▶ _Instructions to follow_
Retype the entries below exactly, and keep every picture out of your version.

▶ _Records from a data collection_
◆ ◆ ◆
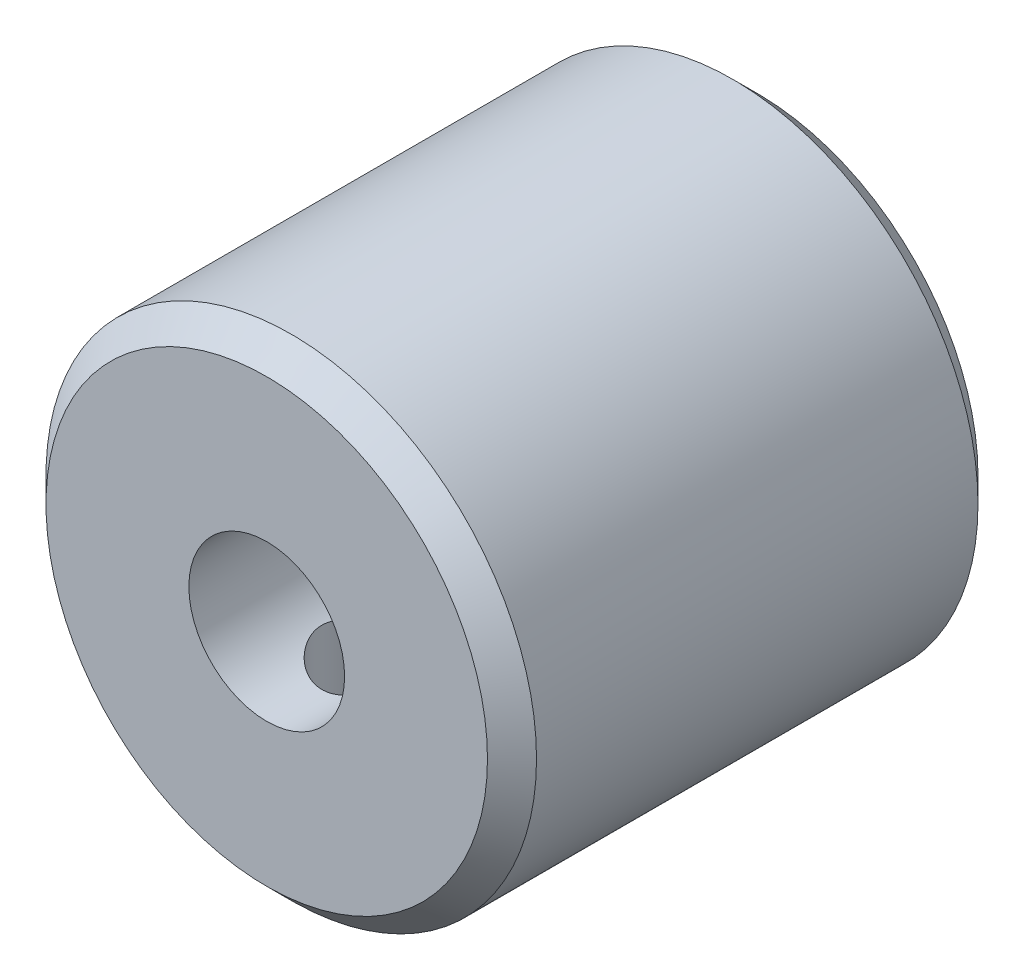
ISO-10303-21;
HEADER;
FILE_DESCRIPTION(('STEP AP214'),'2;1');
FILE_NAME('part.step','',(''),(''),'','','');
FILE_SCHEMA(('AUTOMOTIVE_DESIGN { 1 0 10303 214 1 1 1 1 }'));
ENDSEC;
DATA;
#1=APPLICATION_CONTEXT('core data for automotive mechanical design processes');
#2=APPLICATION_PROTOCOL_DEFINITION('international standard','automotive_design',2000,#1);
#3=PRODUCT_CONTEXT('',#1,'mechanical');
#4=PRODUCT('Part','Part','',(#3));
#5=PRODUCT_RELATED_PRODUCT_CATEGORY('part','',(#4));
#6=PRODUCT_DEFINITION_FORMATION('','',#4);
#7=PRODUCT_DEFINITION_CONTEXT('part definition',#1,'design');
#8=PRODUCT_DEFINITION('design','',#6,#7);
#9=PRODUCT_DEFINITION_SHAPE('','',#8);
#10=(LENGTH_UNIT() NAMED_UNIT(*) SI_UNIT(.MILLI.,.METRE.));
#11=(NAMED_UNIT(*) PLANE_ANGLE_UNIT() SI_UNIT($,.RADIAN.));
#12=(NAMED_UNIT(*) SI_UNIT($,.STERADIAN.) SOLID_ANGLE_UNIT());
#13=UNCERTAINTY_MEASURE_WITH_UNIT(LENGTH_MEASURE(1.E-05),#10,'distance_accuracy_value','');
#14=(GEOMETRIC_REPRESENTATION_CONTEXT(3) GLOBAL_UNCERTAINTY_ASSIGNED_CONTEXT((#13)) GLOBAL_UNIT_ASSIGNED_CONTEXT((#10,
#11,#12)) REPRESENTATION_CONTEXT('',''));
#15=CARTESIAN_POINT('',(0.,0.,0.));
#16=DIRECTION('',(0.,0.,1.));
#17=DIRECTION('',(1.,0.,0.));
#18=AXIS2_PLACEMENT_3D('',#15,#16,#17);
#19=CARTESIAN_POINT('',(0.,0.,5.));
#20=DIRECTION('',(0.,0.,-1.));
#21=DIRECTION('',(-1.,0.,0.));
#22=AXIS2_PLACEMENT_3D('',#19,#20,#21);
#23=CYLINDRICAL_SURFACE('',#22,1.5875);
#24=CARTESIAN_POINT('',(0.,-1.5875,2.125));
#25=CARTESIAN_POINT('',(-0.0454171672703915,-1.58749743073269,2.12500284288988));
#26=CARTESIAN_POINT('',(-0.0908705645486175,-1.58553118946856,2.12855649012872));
#27=CARTESIAN_POINT('',(-0.180397474742064,-1.57785918643117,2.14259601348306));
#28=CARTESIAN_POINT('',(-0.224469037782208,-1.57214836947093,2.15309126094395));
#29=CARTESIAN_POINT('',(-0.309808743333079,-1.55757562422254,2.18046123539258));
#30=CARTESIAN_POINT('',(-0.351087633505968,-1.5487267042626,2.19730964470073));
#31=CARTESIAN_POINT('',(-0.430149329626289,-1.5286575434006,2.23675012411678));
#32=CARTESIAN_POINT('',(-0.467931977044709,-1.51743719504729,2.25934245449556));
#33=CARTESIAN_POINT('',(-0.54185906580046,-1.49270462707936,2.31138108884109));
#34=CARTESIAN_POINT('',(-0.577710731935367,-1.47908770407883,2.34119267625411));
#35=CARTESIAN_POINT('',(-0.64418267175549,-1.45137326900455,2.40601982591914));
#36=CARTESIAN_POINT('',(-0.674798032873614,-1.43727532035425,2.44104021798518));
#37=CARTESIAN_POINT('',(-0.732992485731451,-1.40855673758792,2.51941807126515));
#38=CARTESIAN_POINT('',(-0.759970470973205,-1.39402264499961,2.56325773747891));
#39=CARTESIAN_POINT('',(-0.806067190483714,-1.36788811317943,2.65570061755626));
#40=CARTESIAN_POINT('',(-0.825192141404631,-1.35628535624174,2.70430002559675));
#41=CARTESIAN_POINT('',(-0.853679413441935,-1.33852742371106,2.8018359305105));
#42=CARTESIAN_POINT('',(-0.863582253594607,-1.3320743536933,2.85055708463884));
#43=CARTESIAN_POINT('',(-0.874941794813468,-1.32464526189731,2.94935754242108));
#44=CARTESIAN_POINT('',(-0.876410716322343,-1.32366131562288,2.99943477532631));
#45=CARTESIAN_POINT('',(-0.871254765726646,-1.32705423910451,3.09123604953529));
#46=CARTESIAN_POINT('',(-0.865834198499974,-1.33063371187153,3.13306556067878));
#47=CARTESIAN_POINT('',(-0.849184818616249,-1.34131965108467,3.21508637655361));
#48=CARTESIAN_POINT('',(-0.837953336505919,-1.3484277384663,3.25527691920346));
#49=CARTESIAN_POINT('',(-0.809855349167469,-1.36549037960906,3.33398313485091));
#50=CARTESIAN_POINT('',(-0.792872989921156,-1.37550279380309,3.37244429087748));
#51=CARTESIAN_POINT('',(-0.753855973097453,-1.39726739410924,3.4461700972764));
#52=CARTESIAN_POINT('',(-0.731819140109118,-1.40902032855538,3.48143336215308));
#53=CARTESIAN_POINT('',(-0.679262218129388,-1.43518298795478,3.55364748201827));
#54=CARTESIAN_POINT('',(-0.647951034206348,-1.44971847274687,3.58997920601274));
#55=CARTESIAN_POINT('',(-0.57970126454564,-1.47833460694525,3.65716546685922));
#56=CARTESIAN_POINT('',(-0.542758830744465,-1.49241493729002,3.68801622688717));
#57=CARTESIAN_POINT('',(-0.461184255174894,-1.5196824748554,3.74537436896565));
#58=CARTESIAN_POINT('',(-0.416201036542465,-1.53274488985838,3.77144693475787));
#59=CARTESIAN_POINT('',(-0.321593896994065,-1.55534248764104,3.8154237746184));
#60=CARTESIAN_POINT('',(-0.271974408026113,-1.56488099666917,3.83333575528515));
#61=CARTESIAN_POINT('',(-0.174454043982302,-1.57858041330335,3.85877118487706));
#62=CARTESIAN_POINT('',(-0.126825208538458,-1.58316023600003,3.8671083861097));
#63=CARTESIAN_POINT('',(-0.0306371038385625,-1.5879327344506,3.87579311005673));
#64=CARTESIAN_POINT('',(0.017921546474652,-1.58812823358383,3.87614577458645));
#65=CARTESIAN_POINT('',(0.109486774797948,-1.58431772411544,3.86921632551847));
#66=CARTESIAN_POINT('',(0.152570140497963,-1.5807225886303,3.86268085578954));
#67=CARTESIAN_POINT('',(0.236916324634259,-1.57029713420082,3.84342590921152));
#68=CARTESIAN_POINT('',(0.278178958838685,-1.56346648868624,3.83070580812461));
#69=CARTESIAN_POINT('',(0.358816906525529,-1.54697755791703,3.79924426395291));
#70=CARTESIAN_POINT('',(0.398129714048013,-1.53725968134985,3.7803750180397));
#71=CARTESIAN_POINT('',(0.473132853294014,-1.51585783039415,3.73732111104386));
#72=CARTESIAN_POINT('',(0.508821861005728,-1.50417314151457,3.71313451732811));
#73=CARTESIAN_POINT('',(0.579832517608267,-1.47835474893972,3.65703146092703));
#74=CARTESIAN_POINT('',(0.614663386689606,-1.46409336823534,3.62455211146354));
#75=CARTESIAN_POINT('',(0.678648445504201,-1.43555652687459,3.55436455655753));
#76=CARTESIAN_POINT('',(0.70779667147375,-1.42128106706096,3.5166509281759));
◆ ◆ ◆
▶ _Answer box_
ISO-10303-21;
HEADER;
FILE_DESCRIPTION(('STEP AP214'),'2;1');
FILE_NAME('part.step','',(''),(''),'','','');
FILE_SCHEMA(('AUTOMOTIVE_DESIGN { 1 0 10303 214 1 1 1 1 }'));
ENDSEC;
DATA;
#1=APPLICATION_CONTEXT('core data for automotive mechanical design processes');
#2=APPLICATION_PROTOCOL_DEFINITION('international standard','automotive_design',2000,#1);
#3=PRODUCT_CONTEXT('',#1,'mechanical');
#4=PRODUCT('Part','Part','',(#3));
#5=PRODUCT_RELATED_PRODUCT_CATEGORY('part','',(#4));
#6=PRODUCT_DEFINITION_FORMATION('','',#4);
#7=PRODUCT_DEFINITION_CONTEXT('part definition',#1,'design');
#8=PRODUCT_DEFINITION('design','',#6,#7);
#9=PRODUCT_DEFINITION_SHAPE('','',#8);
#10=(LENGTH_UNIT() NAMED_UNIT(*) SI_UNIT(.MILLI.,.METRE.));
#11=(NAMED_UNIT(*) PLANE_ANGLE_UNIT() SI_UNIT($,.RADIAN.));
#12=(NAMED_UNIT(*) SI_UNIT($,.STERADIAN.) SOLID_ANGLE_UNIT());
#13=UNCERTAINTY_MEASURE_WITH_UNIT(LENGTH_MEASURE(1.E-05),#10,'distance_accuracy_value','');
#14=(GEOMETRIC_REPRESENTATION_CONTEXT(3) GLOBAL_UNCERTAINTY_ASSIGNED_CONTEXT((#13)) GLOBAL_UNIT_ASSIGNED_CONTEXT((#10,
#11,#12)) REPRESENTATION_CONTEXT('',''));
#15=CARTESIAN_POINT('',(0.,0.,0.));
#16=DIRECTION('',(0.,0.,1.));
#17=DIRECTION('',(1.,0.,0.));
#18=AXIS2_PLACEMENT_3D('',#15,#16,#17);
#19=CARTESIAN_POINT('',(0.,0.,5.));
#20=DIRECTION('',(0.,0.,-1.));
#21=DIRECTION('',(-1.,0.,0.));
#22=AXIS2_PLACEMENT_3D('',#19,#20,#21);
#23=CYLINDRICAL_SURFACE('',#22,1.5875);
#24=CARTESIAN_POINT('',(0.,-1.5875,2.125));
#25=CARTESIAN_POINT('',(-0.0454171672703915,-1.58749743073269,2.12500284288988));
#26=CARTESIAN_POINT('',(-0.0908705645486175,-1.58553118946856,2.12855649012872));
#27=CARTESIAN_POINT('',(-0.180397474742064,-1.57785918643117,2.14259601348306));
#28=CARTESIAN_POINT('',(-0.224469037782208,-1.57214836947093,2.15309126094395));
#29=CARTESIAN_POINT('',(-0.309808743333079,-1.55757562422254,2.18046123539258));
#30=CARTESIAN_POINT('',(-0.351087633505968,-1.5487267042626,2.19730964470073));
#31=CARTESIAN_POINT('',(-0.430149329626289,-1.5286575434006,2.23675012411678));
#32=CARTESIAN_POINT('',(-0.467931977044709,-1.51743719504729,2.25934245449556));
#33=CARTESIAN_POINT('',(-0.54185906580046,-1.49270462707936,2.31138108884109));
#34=CARTESIAN_POINT('',(-0.577710731935367,-1.47908770407883,2.34119267625411));
#35=CARTESIAN_POINT('',(-0.64418267175549,-1.45137326900455,2.40601982591914));
#36=CARTESIAN_POINT('',(-0.674798032873614,-1.43727532035425,2.44104021798518));
#37=CARTESIAN_POINT('',(-0.732992485731451,-1.40855673758792,2.51941807126515));
#38=CARTESIAN_POINT('',(-0.759970470973205,-1.39402264499961,2.56325773747891));
#39=CARTESIAN_POINT('',(-0.806067190483714,-1.36788811317943,2.65570061755626));
#40=CARTESIAN_POINT('',(-0.825192141404631,-1.35628535624174,2.70430002559675));
#41=CARTESIAN_POINT('',(-0.853679413441935,-1.33852742371106,2.8018359305105));
#42=CARTESIAN_POINT('',(-0.863582253594607,-1.3320743536933,2.85055708463884));
#43=CARTESIAN_POINT('',(-0.874941794813468,-1.32464526189731,2.94935754242108));
#44=CARTESIAN_POINT('',(-0.876410716322343,-1.32366131562288,2.99943477532631));
#45=CARTESIAN_POINT('',(-0.871254765726646,-1.32705423910451,3.09123604953529));
#46=CARTESIAN_POINT('',(-0.865834198499974,-1.33063371187153,3.13306556067878));
#47=CARTESIAN_POINT('',(-0.849184818616249,-1.34131965108467,3.21508637655361));
#48=CARTESIAN_POINT('',(-0.837953336505919,-1.3484277384663,3.25527691920346));
#49=CARTESIAN_POINT('',(-0.809855349167469,-1.36549037960906,3.33398313485091));
#50=CARTESIAN_POINT('',(-0.792872989921156,-1.37550279380309,3.37244429087748));
#51=CARTESIAN_POINT('',(-0.753855973097453,-1.39726739410924,3.4461700972764));
#52=CARTESIAN_POINT('',(-0.731819140109118,-1.40902032855538,3.48143336215308));
#53=CARTESIAN_POINT('',(-0.679262218129388,-1.43518298795478,3.55364748201827));
#54=CARTESIAN_POINT('',(-0.647951034206348,-1.44971847274687,3.58997920601274));
#55=CARTESIAN_POINT('',(-0.57970126454564,-1.47833460694525,3.65716546685922));
#56=CARTESIAN_POINT('',(-0.542758830744465,-1.49241493729002,3.68801622688717));
#57=CARTESIAN_POINT('',(-0.461184255174894,-1.5196824748554,3.74537436896565));
#58=CARTESIAN_POINT('',(-0.416201036542465,-1.53274488985838,3.77144693475787));
#59=CARTESIAN_POINT('',(-0.321593896994065,-1.55534248764104,3.8154237746184));
#60=CARTESIAN_POINT('',(-0.271974408026113,-1.56488099666917,3.83333575528515));
#61=CARTESIAN_POINT('',(-0.174454043982302,-1.57858041330335,3.85877118487706));
#62=CARTESIAN_POINT('',(-0.126825208538458,-1.58316023600003,3.8671083861097));
#63=CARTESIAN_POINT('',(-0.0306371038385625,-1.5879327344506,3.87579311005673));
#64=CARTESIAN_POINT('',(0.017921546474652,-1.58812823358383,3.87614577458645));
#65=CARTESIAN_POINT('',(0.109486774797948,-1.58431772411544,3.86921632551847));
#66=CARTESIAN_POINT('',(0.152570140497963,-1.5807225886303,3.86268085578954));
#67=CARTESIAN_POINT('',(0.236916324634259,-1.57029713420082,3.84342590921152));
#68=CARTESIAN_POINT('',(0.278178958838685,-1.56346648868624,3.83070580812461));
#69=CARTESIAN_POINT('',(0.358816906525529,-1.54697755791703,3.79924426395291));
#70=CARTESIAN_POINT('',(0.398129714048013,-1.53725968134985,3.7803750180397));
#71=CARTESIAN_POINT('',(0.473132853294014,-1.51585783039415,3.73732111104386));
#72=CARTESIAN_POINT('',(0.508821861005728,-1.50417314151457,3.71313451732811));
#73=CARTESIAN_POINT('',(0.579832517608267,-1.47835474893972,3.65703146092703));
#74=CARTESIAN_POINT('',(0.614663386689606,-1.46409336823534,3.62455211146354));
#75=CARTESIAN_POINT('',(0.678648445504201,-1.43555652687459,3.55436455655753));
#76=CARTESIAN_POINT('',(0.70779667147375,-1.42128106706096,3.5166509281759));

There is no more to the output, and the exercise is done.